Read this http://rootzwiki.com/topic/10728-guideinstalling-a-romcwm-recoveryrootor-going-back-to-stock/page__view__getnewpost

Going back to stock should fix your phone


----------



## cbalt (Feb 11, 2012)

I can't get it to turn on AT ALL, I have a jig at home somewhere and will be looking for it when I get home. I have an I897 which is mine and I flash daily, this was a phone I got for the GF. I have never had a phone not come back on though, I am assuming I bricked it since I get nothing with a different battery, trying the combo buttons for recovery, trying volume down and then the power cord for download mode.


----------



## Xeno Templar (Nov 29, 2011)

cbalt said:


> I can't get it to turn on AT ALL, I have a jig at home somewhere and will be looking for it when I get home. I have an I897 which is mine and I flash daily, this was a phone I got for the GF. I have never had a phone not come back on though, I am assuming I bricked it since I get nothing with a different battery, trying the combo buttons for recovery, trying volume down and then the power cord for download mode.

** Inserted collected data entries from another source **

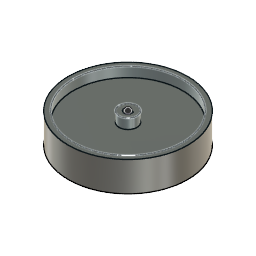
wheel (Autodesk Fusion 360 design; units mm, degrees)
part number: 2026-05-16-09-54-54-859
Autodesk Fusion 360 part; units mm, degrees
sketch "Sketch1" plane through (0, 0, 0) normal (0, 0, 1) x (1, 0, 0)
  circle A0 centre (0, 0) radius 30
  circle A1 centre (0, 0) radius 2
  line L0 (-1.7356, 0.9939) -> (1.7641, 0.9424)
  dimension "d1" = 60
  dimension "d2" = 4
  dimension "d3" = 3.5
  constraint coincident A0.centre A1.centre
  constraint coincident A1 L0.start
  constraint coincident A1 L0.end
  measures "d1" diameter of A0
  measures "d2" diameter of A1
  measures "d3" distance of L0.start L0.end
extrude "Extrude1" add sketch "Sketch1" along normal blind 15 contours A0 | A1 L0 picked at (-0.2335, 1.4513)
sketch "Sketch2" plane through (0, 0, 15) normal (0, 0, 1) x (-1, 0, 0)
  arc A0 (1.7356, -0.9939) -> (-1.7641, -0.9424) centre (0, 0) ccw
  line L0 (1.7356, -0.9939) -> (-1.7641, -0.9424)
  circle A1 centre (0, 0) radius 30
  circle A2 centre (0, 0) radius 4.5
  circle A3 centre (0, 0) radius 27.5
  dimension "d6" = 9
  dimension "d7" = 55
  constraint concentric A0 A2
  constraint coincident A0.centre A1.centre
  measures "d6" diameter of A2
  measures "d7" diameter of A3
extrude "Extrude2" cut sketch "Sketch2" against normal blind 5 contours A3
sketch "Sketch3" plane through (0, 0, 0) normal (0, 0, 1) x (1, 0, 0)
  circle A0 centre (0, 0) radius 4.5
  circle A1 centre (0, 0) radius 27.5
  dimension "d10" = 9
  dimension "d11" = 55
  constraint coincident A0.centre A1.centre
  measures "d10" diameter of A0
  measures "d11" diameter of A1
extrude "Extrude3" cut sketch "Sketch3" along normal blind 5
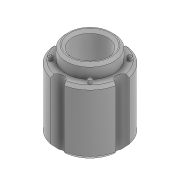
# Autodesk Inventor part: centrifugetool_5mm_tubecap_v2
Saved by Autodesk Inventor 2021.2 (Build 252289000, 289)
## iProperties
Created: 2021-12-08
Part Number: centrifugetool_5mm_tubecap_v2
Material: Generic
Document SubType Name: Modeling
Designer: tomos
Density: 1 g/cm^3
Appearance: Smooth - Medium Gray
Author: tomos
Autodesk Inventor part; units mm, degrees
ref_plane "YZ Plane" through (0, 0, 0) normal (1, 0, 0) x (0, 1, 0)
ref_plane "XZ Plane" through (0, 0, 0) normal (0, 1, 0) x (-1, 0, 0)
ref_plane "XY Plane" through (0, 0, 0) normal (0, 0, 1) x (1, 0, 0)
sketch "Sketch1" plane through (0, 0, 0) normal (0, 0, 1) x (1, 0, 0)
  line L0 (0, 0) -> (42.0469, 0) construction
  line L1 (0, 0) -> (0, 27.7015) construction
  arc A0 (0, -6.6) -> (6.5875, 0.406) centre (0, 0) ccw
  line L2 (6.5875, 0.406) -> (6.5875, 16)
  line L3 (6.5875, 16) -> (9, 16)
  line L4 (9, 16) -> (9, 21)
  line L5 (9, 21) -> (12.5, 21)
  line L6 (12.5, 21) -> (12.5, -8.6)
  line L7 (12.5, -8.6) -> (0, -8.6)
  line L8 (0, -8.6) -> (0, -6.6)
  line L9 (9, 16) -> (6.5875, 16)
  line L10 (6.5875, 16) -> (6.5875, 21)
  line L11 (6.5875, 21) -> (9, 21)
  line L12 (9, 21) -> (9, 16)
  line L13 (12.5, 16) -> (9, 16)
  line L14 (2, -8.6) -> (0, -8.6)
  line L15 (0, -8.6) -> (0, -6.6)
  dimension "d0" = 13.2
  dimension "d2" = 5
  dimension "d3" = 9
  dimension "d4" = 12.5
  dimension "d5" = 6.5875
  dimension "d6" = 2
  dimension "d35" = 16
  constraints: 32 end point, 6 perpendicular, 4 collinear, 3 horizontal, 2 parallel, 2 point on circle, 2 point on line, 2 vertical, 1 centre point, 1 coincident
  measures "d0" diameter of A0
  measures "d2" distance between parallel lines of L3 L5
  measures "d3" distance between parallel lines of L1 L4
  measures "d4" distance between parallel lines of L1 L6
  measures "d5" distance between parallel lines of L2 L1
  measures "d6" distance from line of L8.end L7
  measures "d35" distance between parallel lines of L0 L13
revolve "Revolution1" add sketch "Sketch1" angle 360 about axis through (0, 0, 0) along (0, 1, 0) contours A0 L2 L3 L13 L6 L7 L8 | L10 L11 L4 L3
chamfer "Chamfer1" distance 2 angle 45 1 edges at (-12.5, -8.6, 0)
chamfer "Chamfer3" distance 1 angle 45 3 edges at (-9, 21, 0) (-12.5, 16, 0) (-6.5875, 21, 0)
sketch "Sketch2" plane through (0, 16, 0) normal (0, 1, 0) x (1, 0, 0)
  circle A0 centre (0, 0) radius 10.5 construction
  line L0 (0, 0) -> (0, 17.3905) construction
  line L1 (0, 0) -> (14.2747, 14.2747) construction
  circle A1 centre (7.4246, 7.4246) radius 0.75
  circle A2 centre (0, 0) radius 12.5 projected
  circle A3 centre (0, 0) radius 12.5
  circle A4 centre (0, 12.5) radius 2.5
  point P0 (-2.4875, 12.25)
  point P1 (2.4875, 12.25)
  dimension "d17" = 21
  dimension "d29" = 25
  dimension "d18" = 45
  dimension "d19" = 1.5
  dimension "d28" = 5
  constraints: 4 end point, 2 centre point, 2 coincident, 2 point on line, 1 vertical, 1 vertical alignment, 5 other
  measures "d18" angle of L1 L0
  measures "d19" diameter of A1
  measures "d28" diameter of A4
extrude "Extrusion1" add sketch "Sketch2" along normal blind 1.5 contours A1
chamfer "Chamfer4" distance 0.35 angle 45 1 edges at (6.6746, 17.5, -7.4246)
extrude "Extrusion2" cut sketch "Sketch2" against normal through all contours A4 A2 picked at (0, 11.6481)
pattern_circular "Circular Pattern2" count 4 over 360 about axis through (0, -10, 0) along (0, 1, 0) of "Extrusion1", "Extrusion2", "Chamfer4"
sketch "Sketch3" plane through (0, -8.6, -12.5) normal (0, -1, 0) x (1, 0, 0)
  circle A0 centre (0, 12.5) radius 1.5
  dimension "d37" = 3
  constraints: 1 centre point, 1 coincident
  measures "d37" diameter of A0
extrude "Extrusion3" cut sketch "Sketch3" against normal through all
chamfer "Chamfer5" distance 1 angle 45 1 edges at (-1.5, -8.6, 0)
body "Solid1"

So you can't even get it to go into download mode (plug the USB charger into computer, open Odin & hold the down volume button while plugging the other end of the USB charger into your phone)?
If not, then I really don't know what else to do, sorry
By the way, just for FYIs: the root package you flashed to it is for EH09, whereas, like you said, your on EI20, um...
...HELLO!?


----------



## Baked_Tator (Jun 11, 2011)

well damn...this sounds pretty bad homie...i had this same issue with my homies captivate...it was brick city for it...if it goes into download mode, then your fine...if it wont, try your jig...if that dont work...you sir, are boned...may be able to take it apart and try the unbrickable mod on it to save it?


----------



## Xeno Templar (Nov 29, 2011)

This is what you want for rooted EI20 ROM:

http://rootzwiki.com...tockrom-rooted/
(put this on the root of your sdcard & flash this in CWM4: turn off phone, hold volume up, down & power button at the same time, when the Samsung logo comes up let go of power & keep holding the volume up & down until you get to the CWM screen, do a complete wipe (wipe data/factory reset, wipe cache partition & go to advanced & wipe dalvik cache), go back, install zip from sdcard, choose zip from sdcard, then just navigate to the EI20.zip & flash)

This is the EI20 radio:

http://rootzwiki.com...rs/page__st__20
(you need a torrent downloader for this, after downloading, put the modem.bin in the phone part of Odin & flash)

This is IF you can get the phone working again.


----------



## cbalt (Feb 11, 2012)

Jig didn't work and typically when it comes with a pit file it's to return it to stock. I figured I was downgrading the firmware to 2.3.4 USCC since that is what uscc has on there website as the latest. Now after opening up the tar I see it wasn't a full ROM. Guess it's time to open the phone up later this next week if I can't get it to come on by then, I'm going to try a couple other things first.


----------



## Joe (Jul 24, 2011)

Did you take the battey out when attempting to put it in download mode?


----------



## cbalt (Feb 11, 2012)

Yeah....I finally got it back to stock after screwing with it and multiple battery pulls and a couple battery swaps and pulls. I put the jig in while hitting some random buttons and it luckily came on to the download screen and I was so glad. I didn't even take a chance and plugged it in and odined back to ei20, bone stock, now tomorrow it's time for some flashing, overclocking and undervolting like I have on my i897.


----------



## hottcakes (Dec 26, 2011)

personally, i've had issues trying to load up one of those pre-rooted stock roms for the mesmerize. had a similar issue, odin said i was good however when i went to boot it up, nothing. couldn't get into recovery either and getting into download mode first attempt or two. that was the last time i tried a pre-rooted one.


----------



## droidstyle (Oct 22, 2011)

you didnt just brick your device


----------



## Xeno Templar (Nov 29, 2011)

hottcakes said:


> personally, i've had issues trying to load up one of those pre-rooted stock roms for the mesmerize. had a similar issue, odin said i was good however when i went to boot it up, nothing. couldn't get into recovery either and getting into download mode first attempt or two. that was the last time i tried a pre-rooted one.


I'm not sure if this was meant towards the links I posted or not but my Mesmerize (USCC SCH-I500) came, as bought from USCC, with EH09 bought & activated on 10/14/11 with a manufacturing date: 9/2011 so, I don't know for sure if I would qualify for the update to EI20 or not but BOTH of those links have worked for me to upgrade both from stock EH09 to rooted stock EI20 w/ or w/out the EI20 modem, they both worked fine for me.
Going from stock EH09 to the pre-rooted EI20 ROM, well, like it says, pre-rooted, it rooted a non-rooted ROM for me & had all the gapps as well, all working, for that matter, either way, it works fine.


----------